**Dataset entries**:
========

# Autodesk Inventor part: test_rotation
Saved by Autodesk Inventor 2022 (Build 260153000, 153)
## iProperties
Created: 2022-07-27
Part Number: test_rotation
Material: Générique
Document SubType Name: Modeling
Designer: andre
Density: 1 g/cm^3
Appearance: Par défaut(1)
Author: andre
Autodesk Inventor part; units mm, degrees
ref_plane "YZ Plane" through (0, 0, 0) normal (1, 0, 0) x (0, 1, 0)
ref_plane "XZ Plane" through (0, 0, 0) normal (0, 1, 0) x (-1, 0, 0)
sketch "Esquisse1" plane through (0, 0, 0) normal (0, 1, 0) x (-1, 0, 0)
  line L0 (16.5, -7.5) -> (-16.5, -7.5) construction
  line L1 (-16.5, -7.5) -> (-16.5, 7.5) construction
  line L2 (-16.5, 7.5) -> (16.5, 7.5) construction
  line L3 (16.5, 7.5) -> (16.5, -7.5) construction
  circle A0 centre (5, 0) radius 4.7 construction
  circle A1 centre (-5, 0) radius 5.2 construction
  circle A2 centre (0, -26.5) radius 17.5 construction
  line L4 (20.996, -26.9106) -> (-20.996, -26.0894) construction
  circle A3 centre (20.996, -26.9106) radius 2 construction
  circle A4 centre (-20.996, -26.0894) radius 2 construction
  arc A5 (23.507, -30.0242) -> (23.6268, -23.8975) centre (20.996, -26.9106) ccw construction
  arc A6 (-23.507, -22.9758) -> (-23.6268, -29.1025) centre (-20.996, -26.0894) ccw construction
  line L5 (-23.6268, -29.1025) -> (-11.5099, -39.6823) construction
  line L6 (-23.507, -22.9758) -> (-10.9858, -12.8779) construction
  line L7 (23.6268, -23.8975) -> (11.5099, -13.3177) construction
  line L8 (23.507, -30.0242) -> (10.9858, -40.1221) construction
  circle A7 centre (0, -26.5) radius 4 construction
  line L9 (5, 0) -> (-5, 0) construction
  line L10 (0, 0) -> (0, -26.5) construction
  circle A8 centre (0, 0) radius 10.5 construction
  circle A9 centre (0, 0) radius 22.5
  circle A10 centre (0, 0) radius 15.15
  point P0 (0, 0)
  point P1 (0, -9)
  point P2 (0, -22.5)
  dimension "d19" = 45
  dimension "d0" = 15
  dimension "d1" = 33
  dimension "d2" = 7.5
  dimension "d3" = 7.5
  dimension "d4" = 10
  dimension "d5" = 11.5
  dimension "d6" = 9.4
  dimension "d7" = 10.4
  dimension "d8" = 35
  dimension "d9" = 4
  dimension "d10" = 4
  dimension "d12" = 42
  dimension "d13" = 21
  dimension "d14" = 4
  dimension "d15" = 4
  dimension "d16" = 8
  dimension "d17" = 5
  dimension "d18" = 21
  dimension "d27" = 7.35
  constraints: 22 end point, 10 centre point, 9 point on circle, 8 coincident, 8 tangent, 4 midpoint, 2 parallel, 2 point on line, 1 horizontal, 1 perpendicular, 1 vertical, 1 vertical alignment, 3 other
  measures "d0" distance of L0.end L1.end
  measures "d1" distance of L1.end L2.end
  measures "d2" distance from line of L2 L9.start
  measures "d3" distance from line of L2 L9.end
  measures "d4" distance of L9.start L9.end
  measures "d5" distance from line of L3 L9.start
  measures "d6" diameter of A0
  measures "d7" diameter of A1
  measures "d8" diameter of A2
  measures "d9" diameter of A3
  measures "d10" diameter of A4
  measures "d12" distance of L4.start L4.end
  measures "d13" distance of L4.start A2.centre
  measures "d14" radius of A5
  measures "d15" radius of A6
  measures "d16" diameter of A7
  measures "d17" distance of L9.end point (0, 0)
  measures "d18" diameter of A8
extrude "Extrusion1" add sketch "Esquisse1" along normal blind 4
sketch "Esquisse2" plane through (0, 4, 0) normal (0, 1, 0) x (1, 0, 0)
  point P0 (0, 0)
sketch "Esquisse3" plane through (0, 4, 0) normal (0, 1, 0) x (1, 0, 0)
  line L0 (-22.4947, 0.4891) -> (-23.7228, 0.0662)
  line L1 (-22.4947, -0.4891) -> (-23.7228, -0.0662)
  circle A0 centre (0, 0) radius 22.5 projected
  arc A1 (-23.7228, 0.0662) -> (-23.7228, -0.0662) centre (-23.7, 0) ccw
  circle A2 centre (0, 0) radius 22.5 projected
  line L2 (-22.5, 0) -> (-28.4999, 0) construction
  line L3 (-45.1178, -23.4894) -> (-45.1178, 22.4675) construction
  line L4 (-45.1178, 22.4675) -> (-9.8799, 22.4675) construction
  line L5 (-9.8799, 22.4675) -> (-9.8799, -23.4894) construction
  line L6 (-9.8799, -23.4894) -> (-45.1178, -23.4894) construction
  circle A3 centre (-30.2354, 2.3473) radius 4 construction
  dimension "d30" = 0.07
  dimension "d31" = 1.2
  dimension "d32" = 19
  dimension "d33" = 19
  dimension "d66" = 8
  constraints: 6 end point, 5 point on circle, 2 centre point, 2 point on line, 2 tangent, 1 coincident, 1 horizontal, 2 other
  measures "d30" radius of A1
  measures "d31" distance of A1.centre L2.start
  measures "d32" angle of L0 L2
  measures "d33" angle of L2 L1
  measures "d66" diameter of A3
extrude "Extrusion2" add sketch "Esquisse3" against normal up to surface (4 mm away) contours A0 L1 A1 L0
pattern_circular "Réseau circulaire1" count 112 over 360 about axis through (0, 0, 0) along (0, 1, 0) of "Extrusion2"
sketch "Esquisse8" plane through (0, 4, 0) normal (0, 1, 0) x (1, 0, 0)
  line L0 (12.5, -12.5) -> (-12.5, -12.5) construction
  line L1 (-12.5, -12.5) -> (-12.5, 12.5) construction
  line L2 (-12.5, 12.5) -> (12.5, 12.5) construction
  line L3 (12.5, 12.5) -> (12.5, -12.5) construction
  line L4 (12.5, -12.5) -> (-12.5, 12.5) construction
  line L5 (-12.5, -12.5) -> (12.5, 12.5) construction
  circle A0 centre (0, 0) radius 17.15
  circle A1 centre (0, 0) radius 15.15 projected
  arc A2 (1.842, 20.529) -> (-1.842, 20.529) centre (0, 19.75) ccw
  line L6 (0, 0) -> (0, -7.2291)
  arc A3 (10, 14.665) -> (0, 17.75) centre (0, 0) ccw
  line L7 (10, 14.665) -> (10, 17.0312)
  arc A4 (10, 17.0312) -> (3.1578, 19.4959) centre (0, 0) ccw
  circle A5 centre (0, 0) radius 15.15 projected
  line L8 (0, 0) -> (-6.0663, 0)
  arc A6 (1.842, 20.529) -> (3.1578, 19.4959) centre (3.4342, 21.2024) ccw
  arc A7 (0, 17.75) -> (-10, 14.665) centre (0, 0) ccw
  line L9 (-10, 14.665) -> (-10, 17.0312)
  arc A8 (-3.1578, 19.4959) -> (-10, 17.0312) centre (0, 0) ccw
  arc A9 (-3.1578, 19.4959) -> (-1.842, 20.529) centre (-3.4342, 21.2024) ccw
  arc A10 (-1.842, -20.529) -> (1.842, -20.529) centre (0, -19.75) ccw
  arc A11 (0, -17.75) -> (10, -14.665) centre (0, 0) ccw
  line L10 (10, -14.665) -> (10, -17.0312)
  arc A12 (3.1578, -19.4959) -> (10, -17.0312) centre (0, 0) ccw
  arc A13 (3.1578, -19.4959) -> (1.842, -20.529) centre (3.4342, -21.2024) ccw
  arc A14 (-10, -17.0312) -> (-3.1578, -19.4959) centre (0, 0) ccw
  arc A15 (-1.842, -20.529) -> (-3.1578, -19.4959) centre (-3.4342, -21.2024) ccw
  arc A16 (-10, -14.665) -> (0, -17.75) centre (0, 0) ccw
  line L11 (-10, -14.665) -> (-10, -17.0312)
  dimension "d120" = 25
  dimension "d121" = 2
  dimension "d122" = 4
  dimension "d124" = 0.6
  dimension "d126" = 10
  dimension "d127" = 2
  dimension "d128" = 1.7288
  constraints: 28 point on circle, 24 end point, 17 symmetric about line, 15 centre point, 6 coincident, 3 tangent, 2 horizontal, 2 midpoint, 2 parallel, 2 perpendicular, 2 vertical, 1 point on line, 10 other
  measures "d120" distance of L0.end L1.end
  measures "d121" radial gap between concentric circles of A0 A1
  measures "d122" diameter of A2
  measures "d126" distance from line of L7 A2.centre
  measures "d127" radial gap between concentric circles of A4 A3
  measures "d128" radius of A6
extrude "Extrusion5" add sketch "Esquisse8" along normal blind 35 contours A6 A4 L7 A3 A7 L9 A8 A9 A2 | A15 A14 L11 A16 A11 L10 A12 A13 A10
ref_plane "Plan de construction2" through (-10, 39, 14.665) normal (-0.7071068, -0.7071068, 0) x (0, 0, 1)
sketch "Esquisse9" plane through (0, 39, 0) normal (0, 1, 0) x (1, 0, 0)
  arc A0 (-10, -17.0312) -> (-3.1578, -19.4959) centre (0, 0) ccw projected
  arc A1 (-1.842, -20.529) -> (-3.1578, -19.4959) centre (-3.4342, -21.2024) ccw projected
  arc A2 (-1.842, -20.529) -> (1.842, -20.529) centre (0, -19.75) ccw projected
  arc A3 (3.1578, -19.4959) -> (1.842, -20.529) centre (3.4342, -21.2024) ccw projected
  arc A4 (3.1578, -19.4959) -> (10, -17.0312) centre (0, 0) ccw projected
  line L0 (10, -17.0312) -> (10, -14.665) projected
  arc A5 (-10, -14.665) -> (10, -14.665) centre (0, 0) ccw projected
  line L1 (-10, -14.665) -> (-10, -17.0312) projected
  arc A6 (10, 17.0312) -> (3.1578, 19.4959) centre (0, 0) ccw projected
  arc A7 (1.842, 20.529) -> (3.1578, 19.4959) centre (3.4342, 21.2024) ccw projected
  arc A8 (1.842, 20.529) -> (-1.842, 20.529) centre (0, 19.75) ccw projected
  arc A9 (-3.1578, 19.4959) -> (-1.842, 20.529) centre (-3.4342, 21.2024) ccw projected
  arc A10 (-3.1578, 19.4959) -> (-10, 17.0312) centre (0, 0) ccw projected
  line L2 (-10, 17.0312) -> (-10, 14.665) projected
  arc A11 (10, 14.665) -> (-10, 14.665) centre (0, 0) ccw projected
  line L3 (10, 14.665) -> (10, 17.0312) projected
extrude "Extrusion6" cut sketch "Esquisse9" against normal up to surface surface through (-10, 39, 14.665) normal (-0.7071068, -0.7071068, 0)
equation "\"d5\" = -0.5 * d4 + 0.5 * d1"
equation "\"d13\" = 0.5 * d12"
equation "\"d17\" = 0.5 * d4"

========

**Task description**: Every line above from the line with "of L3 L9.start" to the line with "line L3 (-45.1178, -23.4894)", inclusive, must be returned exactly; no other line belongs in the reply.

**Answer for the task**:
  measures "d5" distance from line of L3 L9.start
  measures "d6" diameter of A0
  measures "d7" diameter of A1
  measures "d8" diameter of A2
  measures "d9" diameter of A3
  measures "d10" diameter of A4
  measures "d12" distance of L4.start L4.end
  measures "d13" distance of L4.start A2.centre
  measures "d14" radius of A5
  measures "d15" radius of A6
  measures "d16" diameter of A7
  measures "d17" distance of L9.end point (0, 0)
  measures "d18" diameter of A8
extrude "Extrusion1" add sketch "Esquisse1" along normal blind 4
sketch "Esquisse2" plane through (0, 4, 0) normal (0, 1, 0) x (1, 0, 0)
  point P0 (0, 0)
sketch "Esquisse3" plane through (0, 4, 0) normal (0, 1, 0) x (1, 0, 0)
  line L0 (-22.4947, 0.4891) -> (-23.7228, 0.0662)
  line L1 (-22.4947, -0.4891) -> (-23.7228, -0.0662)
  circle A0 centre (0, 0) radius 22.5 projected
  arc A1 (-23.7228, 0.0662) -> (-23.7228, -0.0662) centre (-23.7, 0) ccw
  circle A2 centre (0, 0) radius 22.5 projected
  line L2 (-22.5, 0) -> (-28.4999, 0) construction
  line L3 (-45.1178, -23.4894) -> (-45.1178, 22.4675) construction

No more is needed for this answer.